Stanley Adams, the "Mesaba's" wireless operator received an ice report at about 4pm from his Captain saying that it should be transmitted to all east-bound ship; however before doing so, Adams received another report at approximately 7pm, and, with the Captain's authorisation, he combined them into one. It is therefore misleading to say that the final transmission was for a huge rectangle infested with icebergs.

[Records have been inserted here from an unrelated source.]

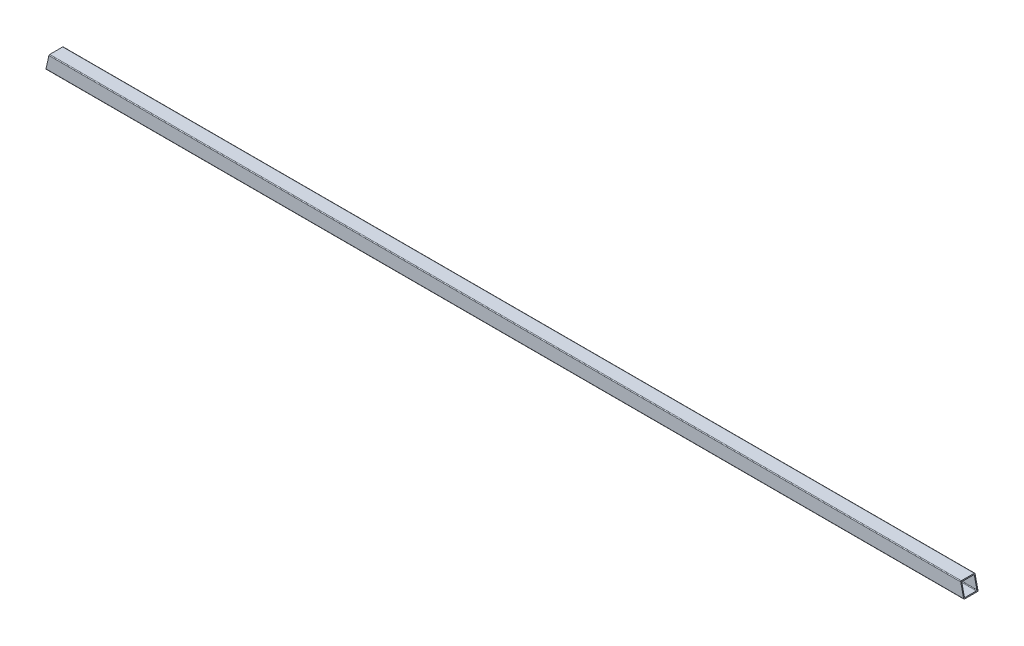
ISO-10303-21;
HEADER;
FILE_DESCRIPTION(('STEP AP214'),'2;1');
FILE_NAME('part.step','',(''),(''),'','','');
FILE_SCHEMA(('AUTOMOTIVE_DESIGN { 1 0 10303 214 1 1 1 1 }'));
ENDSEC;
DATA;
#1=APPLICATION_CONTEXT('core data for automotive mechanical design processes');
#2=APPLICATION_PROTOCOL_DEFINITION('international standard','automotive_design',2000,#1);
#3=PRODUCT_CONTEXT('',#1,'mechanical');
#4=PRODUCT('Part','Part','',(#3));
#5=PRODUCT_RELATED_PRODUCT_CATEGORY('part','',(#4));
#6=PRODUCT_DEFINITION_FORMATION('','',#4);
#7=PRODUCT_DEFINITION_CONTEXT('part definition',#1,'design');
#8=PRODUCT_DEFINITION('design','',#6,#7);
#9=PRODUCT_DEFINITION_SHAPE('','',#8);
#10=(LENGTH_UNIT() NAMED_UNIT(*) SI_UNIT(.MILLI.,.METRE.));
#11=(NAMED_UNIT(*) PLANE_ANGLE_UNIT() SI_UNIT($,.RADIAN.));
#12=(NAMED_UNIT(*) SI_UNIT($,.STERADIAN.) SOLID_ANGLE_UNIT());
#13=UNCERTAINTY_MEASURE_WITH_UNIT(LENGTH_MEASURE(1.E-05),#10,'distance_accuracy_value','');
#14=(GEOMETRIC_REPRESENTATION_CONTEXT(3) GLOBAL_UNCERTAINTY_ASSIGNED_CONTEXT((#13)) GLOBAL_UNIT_ASSIGNED_CONTEXT((#10,
#11,#12)) REPRESENTATION_CONTEXT('',''));
#15=CARTESIAN_POINT('',(0.,0.,0.));
#16=DIRECTION('',(0.,0.,1.));
#17=DIRECTION('',(1.,0.,0.));
#18=AXIS2_PLACEMENT_3D('',#15,#16,#17);
#19=CARTESIAN_POINT('',(812.8,-11.43,-11.43));
#20=DIRECTION('',(-1.,0.,0.));
#21=DIRECTION('',(0.,0.,1.));
#22=AXIS2_PLACEMENT_3D('',#19,#20,#21);
#23=CYLINDRICAL_SURFACE('',#22,1.27);
#24=CARTESIAN_POINT('',(-812.518447778444,-11.43,-11.43));
#25=DIRECTION('',(-0.976296007119935,0.216439613938096,0.));
#26=DIRECTION('',(-0.216439613938096,-0.976296007119935,0.));
#27=AXIS2_PLACEMENT_3D('',#24,#25,#26);
#28=ELLIPSE('',#27,1.30083498317943,1.27);
#29=CARTESIAN_POINT('',(-812.518447778443,-11.4300000000001,-12.7));
#30=VERTEX_POINT('',#29);
#31=CARTESIAN_POINT('',(-812.8,-12.7,-11.43));
#32=VERTEX_POINT('',#31);
#33=EDGE_CURVE('E203',#30,#32,#28,.T.);
#34=ORIENTED_EDGE('',*,*,#33,.F.);
#35=DIRECTION('',(-1.,0.,0.));
#36=VECTOR('',#35,1.);
#37=CARTESIAN_POINT('',(812.8,-11.43,-12.7));
#38=LINE('',#37,#36);
#39=CARTESIAN_POINT('',(812.518447778443,-11.43,-12.7));
#40=VERTEX_POINT('',#39);
#41=EDGE_CURVE('E48',#40,#30,#38,.T.);
#42=ORIENTED_EDGE('',*,*,#41,.F.);
#43=CARTESIAN_POINT('',(812.518447778443,-11.43,-11.43));
#44=DIRECTION('',(-0.976296007119935,-0.216439613938096,0.));
#45=DIRECTION('',(-0.216439613938096,0.976296007119935,0.));
#46=AXIS2_PLACEMENT_3D('',#43,#44,#45);
#47=ELLIPSE('',#46,1.30083498317943,1.27);
#48=CARTESIAN_POINT('',(812.8,-12.7,-11.43));
#49=VERTEX_POINT('',#48);
#50=EDGE_CURVE('E201',#40,#49,#47,.T.);
#51=ORIENTED_EDGE('',*,*,#50,.T.);
#52=DIRECTION('',(-1.,0.,0.));
#53=VECTOR('',#52,1.);
#54=CARTESIAN_POINT('',(812.8,-12.7,-11.43));
#55=LINE('',#54,#53);
#56=EDGE_CURVE('E204',#49,#32,#55,.T.);
#57=ORIENTED_EDGE('',*,*,#56,.T.);
#58=EDGE_LOOP('',(#34,#42,#51,#57));
#59=FACE_BOUND('',#58,.T.);
#60=ADVANCED_FACE('F41',(#59),#23,.T.);
#61=CARTESIAN_POINT('',(812.8,-11.43,-12.7));
#62=DIRECTION('',(0.,0.,1.));
#63=DIRECTION('',(1.,0.,0.));
#64=AXIS2_PLACEMENT_3D('',#61,#62,#63);
#65=PLANE('',#64);
#66=DIRECTION('',(-0.216439613938096,-0.976296007119935,0.));
#67=VECTOR('',#66,1.);
#68=CARTESIAN_POINT('',(-812.8,-12.7,-12.7));
#69=LINE('',#68,#67);
#70=CARTESIAN_POINT('',(-807.450507790426,11.43,-12.7));
#71=VERTEX_POINT('',#70);
#72=EDGE_CURVE('E162',#71,#30,#69,.T.);
#73=ORIENTED_EDGE('',*,*,#72,.F.);
#74=DIRECTION('',(-1.,0.,0.));
#75=VECTOR('',#74,1.);
#76=CARTESIAN_POINT('',(812.8,11.43,-12.7));
#77=LINE('',#76,#75);
#78=CARTESIAN_POINT('',(807.450507790426,11.43,-12.7));
#79=VERTEX_POINT('',#78);
#80=EDGE_CURVE('E187',#79,#71,#77,.T.);
#81=ORIENTED_EDGE('',*,*,#80,.F.);
#82=DIRECTION('',(0.216439613938096,-0.976296007119935,0.));
#83=VECTOR('',#82,1.);
#84=CARTESIAN_POINT('',(812.8,-12.7,-12.7));
#85=LINE('',#84,#83);
#86=EDGE_CURVE('E196',#79,#40,#85,.T.);
#87=ORIENTED_EDGE('',*,*,#86,.T.);
#88=ORIENTED_EDGE('',*,*,#41,.T.);
#89=EDGE_LOOP('',(#73,#81,#87,#88));
#90=FACE_BOUND('',#89,.T.);
#91=ADVANCED_FACE('F194',(#90),#65,.F.);
#92=CARTESIAN_POINT('',(812.8,11.43,-11.43));
#93=DIRECTION('',(-1.,0.,0.));
#94=DIRECTION('',(0.,0.,1.));
#95=AXIS2_PLACEMENT_3D('',#92,#93,#94);
#96=CYLINDRICAL_SURFACE('',#95,1.27);
#97=CARTESIAN_POINT('',(-807.450507790426,11.43,-11.43));
#98=DIRECTION('',(-0.976296007119935,0.216439613938096,0.));
#99=DIRECTION('',(-0.216439613938096,-0.976296007119935,0.));
#100=AXIS2_PLACEMENT_3D('',#97,#98,#99);
#101=ELLIPSE('',#100,1.30083498317942,1.27);
#102=CARTESIAN_POINT('',(-807.168955568869,12.7,-11.43));
#103=VERTEX_POINT('',#102);
#104=EDGE_CURVE('E172',#103,#71,#101,.T.);
#105=ORIENTED_EDGE('',*,*,#104,.F.);
#106=DIRECTION('',(-1.,0.,0.));
#107=VECTOR('',#106,1.);
#108=CARTESIAN_POINT('',(812.8,12.7,-11.43));
#109=LINE('',#108,#107);
#110=CARTESIAN_POINT('',(807.168955568869,12.7,-11.43));
#111=VERTEX_POINT('',#110);
#112=EDGE_CURVE('E179',#111,#103,#109,.T.);
#113=ORIENTED_EDGE('',*,*,#112,.F.);
#114=CARTESIAN_POINT('',(807.450507790426,11.43,-11.43));
#115=DIRECTION('',(-0.976296007119935,-0.216439613938096,0.));
#116=DIRECTION('',(-0.216439613938096,0.976296007119935,0.));
#117=AXIS2_PLACEMENT_3D('',#114,#115,#116);
#118=ELLIPSE('',#117,1.30083498317942,1.27);
#119=EDGE_CURVE('E231',#111,#79,#118,.T.);
#120=ORIENTED_EDGE('',*,*,#119,.T.);
#121=ORIENTED_EDGE('',*,*,#80,.T.);
#122=EDGE_LOOP('',(#105,#113,#120,#121));
#123=FACE_BOUND('',#122,.T.);
#124=ADVANCED_FACE('F298',(#123),#96,.T.);
#125=CARTESIAN_POINT('',(812.8,12.7,-11.43));
#126=DIRECTION('',(0.,-1.,0.));
#127=DIRECTION('',(0.,0.,-1.));
#128=AXIS2_PLACEMENT_3D('',#125,#126,#127);
#129=PLANE('',#128);
#130=DIRECTION('',(0.,0.,1.));
#131=VECTOR('',#130,1.);
#132=CARTESIAN_POINT('',(-807.168955568869,12.7,-12.7));
#133=LINE('',#132,#131);
#134=CARTESIAN_POINT('',(-807.16895556887,12.7,11.43));
#135=VERTEX_POINT('',#134);
#136=EDGE_CURVE('E293',#103,#135,#133,.T.);
#137=ORIENTED_EDGE('',*,*,#136,.T.);
#138=DIRECTION('',(-1.,0.,0.));
#139=VECTOR('',#138,1.);
#140=CARTESIAN_POINT('',(812.8,12.7,11.43));
#141=LINE('',#140,#139);
#142=CARTESIAN_POINT('',(807.168955568869,12.7,11.43));
#143=VERTEX_POINT('',#142);
#144=EDGE_CURVE('E171',#143,#135,#141,.T.);
#145=ORIENTED_EDGE('',*,*,#144,.F.);
#146=DIRECTION('',(0.,0.,1.));
#147=VECTOR('',#146,1.);
#148=CARTESIAN_POINT('',(807.168955568869,12.7,-12.7));
#149=LINE('',#148,#147);
#150=EDGE_CURVE('E210',#111,#143,#149,.T.);
#151=ORIENTED_EDGE('',*,*,#150,.F.);
#152=ORIENTED_EDGE('',*,*,#112,.T.);
#153=EDGE_LOOP('',(#137,#145,#151,#152));
#154=FACE_BOUND('',#153,.T.);
#155=ADVANCED_FACE('F301',(#154),#129,.F.);
#156=CARTESIAN_POINT('',(812.8,11.43,11.43));
#157=DIRECTION('',(-1.,0.,0.));
#158=DIRECTION('',(0.,0.,1.));
#159=AXIS2_PLACEMENT_3D('',#156,#157,#158);
#160=CYLINDRICAL_SURFACE('',#159,1.27);
#161=CARTESIAN_POINT('',(-807.450507790426,11.43,11.43));
#162=DIRECTION('',(-0.976296007119935,0.216439613938096,0.));
#163=DIRECTION('',(-0.216439613938096,-0.976296007119935,0.));
#164=AXIS2_PLACEMENT_3D('',#161,#162,#163);
#165=ELLIPSE('',#164,1.30083498317943,1.27);
#166=CARTESIAN_POINT('',(-807.450507790426,11.43,12.7));
#167=VERTEX_POINT('',#166);
#168=EDGE_CURVE('E154',#167,#135,#165,.T.);
#169=ORIENTED_EDGE('',*,*,#168,.F.);
#170=DIRECTION('',(-1.,0.,0.));
#171=VECTOR('',#170,1.);
#172=CARTESIAN_POINT('',(812.8,11.43,12.7));
#173=LINE('',#172,#171);
#174=CARTESIAN_POINT('',(807.450507790426,11.43,12.7));
#175=VERTEX_POINT('',#174);
#176=EDGE_CURVE('E169',#175,#167,#173,.T.);
#177=ORIENTED_EDGE('',*,*,#176,.F.);
#178=CARTESIAN_POINT('',(807.450507790426,11.43,11.43));
#179=DIRECTION('',(-0.976296007119935,-0.216439613938096,0.));
#180=DIRECTION('',(-0.216439613938096,0.976296007119935,0.));
#181=AXIS2_PLACEMENT_3D('',#178,#179,#180);
#182=ELLIPSE('',#181,1.30083498317943,1.27);
#183=EDGE_CURVE('E229',#175,#143,#182,.T.);
#184=ORIENTED_EDGE('',*,*,#183,.T.);
#185=ORIENTED_EDGE('',*,*,#144,.T.);
#186=EDGE_LOOP('',(#169,#177,#184,#185));
#187=FACE_BOUND('',#186,.T.);
#188=ADVANCED_FACE('F167',(#187),#160,.T.);
#189=CARTESIAN_POINT('',(812.8,-11.43,12.7));
#190=DIRECTION('',(0.,0.,-1.));
#191=DIRECTION('',(-1.,0.,0.));
#192=AXIS2_PLACEMENT_3D('',#189,#190,#191);
#193=PLANE('',#192);
#194=DIRECTION('',(-0.216439613938096,-0.976296007119935,0.));
#195=VECTOR('',#194,1.);
#196=CARTESIAN_POINT('',(-812.8,-12.7,12.7));
#197=LINE('',#196,#195);
#198=CARTESIAN_POINT('',(-812.518447778443,-11.43,12.7));
#199=VERTEX_POINT('',#198);
#200=EDGE_CURVE('E151',#167,#199,#197,.T.);
#201=ORIENTED_EDGE('',*,*,#200,.T.);
#202=DIRECTION('',(-1.,0.,0.));
#203=VECTOR('',#202,1.);
#204=CARTESIAN_POINT('',(812.8,-11.43,12.7));
#205=LINE('',#204,#203);
#206=CARTESIAN_POINT('',(812.518447778443,-11.43,12.7));
#207=VERTEX_POINT('',#206);
#208=EDGE_CURVE('E177',#207,#199,#205,.T.);
#209=ORIENTED_EDGE('',*,*,#208,.F.);
#210=DIRECTION('',(0.216439613938096,-0.976296007119935,0.));
#211=VECTOR('',#210,1.);
#212=CARTESIAN_POINT('',(812.8,-12.7,12.7));
#213=LINE('',#212,#211);
#214=EDGE_CURVE('E176',#175,#207,#213,.T.);
#215=ORIENTED_EDGE('',*,*,#214,.F.);
#216=ORIENTED_EDGE('',*,*,#176,.T.);
#217=EDGE_LOOP('',(#201,#209,#215,#216));
#218=FACE_BOUND('',#217,.T.);
#219=ADVANCED_FACE('F175',(#218),#193,.F.);
#220=CARTESIAN_POINT('',(812.8,-11.43,11.43));
#221=DIRECTION('',(-1.,0.,0.));
#222=DIRECTION('',(0.,0.,1.));
#223=AXIS2_PLACEMENT_3D('',#220,#221,#222);
#224=CYLINDRICAL_SURFACE('',#223,1.27);
#225=CARTESIAN_POINT('',(-812.518447778444,-11.43,11.43));
#226=DIRECTION('',(-0.976296007119935,0.216439613938096,0.));
#227=DIRECTION('',(-0.216439613938096,-0.976296007119935,0.));
#228=AXIS2_PLACEMENT_3D('',#225,#226,#227);
#229=ELLIPSE('',#228,1.30083498317943,1.27);
#230=CARTESIAN_POINT('',(-812.8,-12.7,11.43));
#231=VERTEX_POINT('',#230);
#232=EDGE_CURVE('E157',#231,#199,#229,.T.);
#233=ORIENTED_EDGE('',*,*,#232,.F.);
#234=DIRECTION('',(-1.,0.,0.));
#235=VECTOR('',#234,1.);
#236=CARTESIAN_POINT('',(812.8,-12.7,11.43));
#237=LINE('',#236,#235);
#238=CARTESIAN_POINT('',(812.8,-12.7,11.43));
#239=VERTEX_POINT('',#238);
#240=EDGE_CURVE('E181',#239,#231,#237,.T.);
#241=ORIENTED_EDGE('',*,*,#240,.F.);
#242=CARTESIAN_POINT('',(812.518447778443,-11.43,11.43));
#243=DIRECTION('',(-0.976296007119935,-0.216439613938096,0.));
#244=DIRECTION('',(-0.216439613938096,0.976296007119935,0.));
#245=AXIS2_PLACEMENT_3D('',#242,#243,#244);
#246=ELLIPSE('',#245,1.30083498317943,1.27);
#247=EDGE_CURVE('E226',#239,#207,#246,.T.);
#248=ORIENTED_EDGE('',*,*,#247,.T.);
#249=ORIENTED_EDGE('',*,*,#208,.T.);
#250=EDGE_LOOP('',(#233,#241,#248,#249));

Adams sent the message to the Titanic and about ten other ships at 7.50pm New York Time (9.40 ships time): "Prefix Ice Report. From 'Mesaba' to 'Titanic.' In latitude 42 N. to 41.25, longitude 49 W. to longitude 50.30 W., saw much heavy pack ice and great number large icebergs, also field ice, weather good, clear." Adams received a "reply received, thanks" message straight away as an acknowledgement and he timed and dated it, added his initials and the station he had sent it to. Adams noted that his counterpart on the Titanic was very busy working with Cape Race and resumed his communications with the ground station after he had received the "Mesaba's" report. Adams waited for a probable official reply from the Captain of the Titanic, perhaps with some news but received nothing. He had prefixed the message with "S.G." [Service Gram].
The "Mesaba's" message was timed at 7.50pm New York Time would be about 9.52pm on the Titanic, just eight minutes before Lightoller handed over his watch to Murdoch. This warning never reached the bridge; none of the surviving officers claimed to have seen it. Phillps was on duty at the Marconi key.
Brian Hill informs me that the following appeared in the Hydrographic Bulletin 1182, April 24th; "April 14. 41 50 N 49 15 W passed a number of icebergs; also a field of pack ice about 15 miles long; and 42 N 50 W encountered a field of pack ice with numerous icebergs in it and extending from 4 points on the starboard bow to abeam on the port side. Had to steer about 20 miles south to clear it. The ice seemed to be one solid wall of ice at least 16 feet high and extending as far as could be seen. In 41 35 N 50 30 W cleared the ice. Mesaba (Br.ss.), Clarke."
Hill notes that, "So, if her message to the Titanic also incorporated ice info from other ships this at least was from her own experience." Accrording to the US Inquiry, this ice was noted at 11am (41 50 N 49 15 W) and 2pm (42 N, 50 W), and after this second one, at 4pm, they were again able to steer to the westward, seeing no more ice after this.
Shortly after the disaster, Thomas Ryan, the father of a third class passenger who had perished in the sinking, took legal action to procure damages from the White Star Line by alleging negligent navigation. At the hearing on June 20th, 1913, Stanley Adams said that in his opinion, the "Mesaba's" message should have been taken immediately to the bridge. He said that he had waited "a long time" for an official acknowledgement from the Titanic but none came. Bride also took the stand, and stated that it was his and Phillip's practise to take such warnings to the bridge, and that they had priority over private correspondence (The report in The London Times can be found here).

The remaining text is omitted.